Es gibt immer mehr Sekten in Deutschland, vor allem kleine Gruppierungen. Der Markt ist voll, das Angebot geradezu unüberschaubar. Warum interessieren sich so viele Menschen diese Sinnangebote?

Die Anzahl der Gruppierungen insgesamt ist enorm in die Höhe gegangen, sagt Michael Utsch. Er leitet bei der Evangelischen Zentralstelle für Weltanschauungsfragen (EZW) das Referat Psychologische Aspekte neuer Religiosität, Religion und Gesundheit. Die Mitgliederzahlen bekannter Gruppen wie Mormonen, Scientology oder Jehovas Zeugen stagnierten jedoch tendenziell.

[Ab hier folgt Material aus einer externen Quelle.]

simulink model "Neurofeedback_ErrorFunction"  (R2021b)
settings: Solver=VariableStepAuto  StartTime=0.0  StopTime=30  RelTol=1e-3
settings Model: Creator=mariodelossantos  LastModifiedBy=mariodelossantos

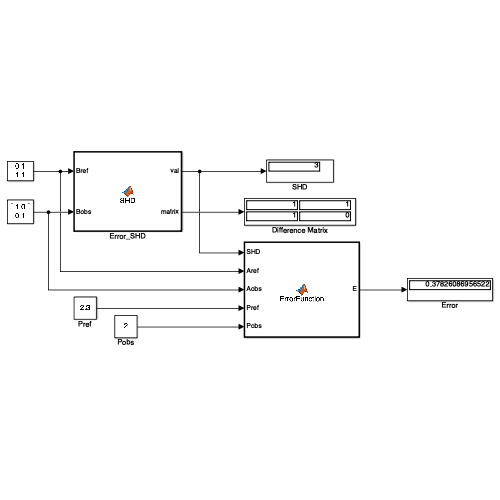
[thumbnail: Simulink's stored preview of the top-level diagram]
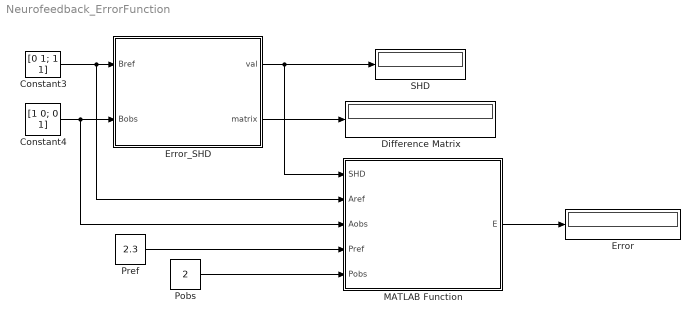
== system Neurofeedback_ErrorFunction ==
  Constant3 : Constant  Value=[0 1; 1 1]
  Constant4 : Constant  Value=[1 0; 0 1]
  Difference Matrix : Display
  Error : Display
  Error_SHD : MATLAB Function  TreatAsAtomicUnit=on
  MATLAB Function : MATLAB Function  TreatAsAtomicUnit=on
  Pobs : Constant  Value=2
  Pref : Constant  Value=2.3
  SHD : Display
  wires:
  Constant4/1 -> MATLAB Function/3(Aobs), Error_SHD/2(Bobs)
  Error_SHD/1(val) -> MATLAB Function/1(SHD), SHD/1
  Error_SHD/2(matrix) -> Difference Matrix/1
  Constant3/1 -> MATLAB Function/2(Aref), Error_SHD/1(Bref)
  MATLAB Function/1(E) -> Error/1
  Pref/1 -> MATLAB Function/4(Pref)
  Pobs/1 -> MATLAB Function/5(Pobs)

== matlab function Neurofeedback_ErrorFunction/Error_SHD ==
  data: Bref input; val output; Bobs input; matrix output
function [val,matrix]=SHD(Bref,Bobs)

val = sum(sum(xor(Bref,Bobs)));
matrix = xor(Bref,Bobs);

== matlab function Neurofeedback_ErrorFunction/MATLAB Function ==
  data: SHD input; Aref input; E output; Aobs input; Pref input; Pobs input
function E  = ErrorFunction(SHD, Aref,Aobs,Pref,Pobs)
    w1 = 0.4; %Use whatever values you like most. Threshold 

    w2 = 1 - w1;

    assert(all(size(Aref) == size(Aobs)));

    assert(size(Aref,1) == size(Aref,2));

    nChannels = size(Aref,1);

    AfullyConnected = ones(nChannels);

    AfullyDisconnected = zeros(nChannels);

    maxDiffSHD = sum(sum(xor(AfullyConnected,AfullyDisconnected))); %SHD

    errA = SHD/maxDiffSHD; %Normalize error in the connectivity

    errP = abs(Pobs-Pref)/abs(Pref);

    
E = w1 * errA + w2 * errP;

"Klassische Gruppen wie Mormonen, Scientology oder Jehovas Zeugen dümpeln so vor sich hin. Dafür gibt es in anderen Bereichen viele neue, kleine Grüppchen."
Michael Utsch, Evangelische Zentralstelle für Weltanschauungsfragen (EZW)

Zum einen habe das mit den Migrationsbewegungen zu tun, erklärt Utsch. Wenn etwa Russlanddeutsche extrem konservative christliche Gruppen bilden. Außerdem gebe es zum Beispiel koreanische Heilungsgruppen oder schamanische Gruppen aus Asien und Südamerika, die in Deutschland Fuß fassen.

Migration, "Heilungsmarkt", Coaching-Markt

Zum zweiten werde der Heilungsmarkt der Alternativmedizin immer größer. Am Rande des Gesundheitsmarktes böten dort durchaus fragwürdige bis gefährliche Leute ihre Dienste an. Etwa Angebote, die Interessierte in ein früheres Leben zurückführen wollen, um dort Gründe für Ängste oder Depressionen zu finden.

Auch im Weiterbildungs- und Coaching-Markt gebe es fragwürdige Gruppierungen mit sektenähnlichen Strukturen, so Utsch.

Zeitalter der Selbstoptimierung

Der Hang zur Selbstdisziplin und Selbstoptimierung sei in unserer heutigen Zeit allgegenwärtig. Der Mensch steht deshalb unter einem ständigen Stress, erfolgreich, reich und glücklich zu werden.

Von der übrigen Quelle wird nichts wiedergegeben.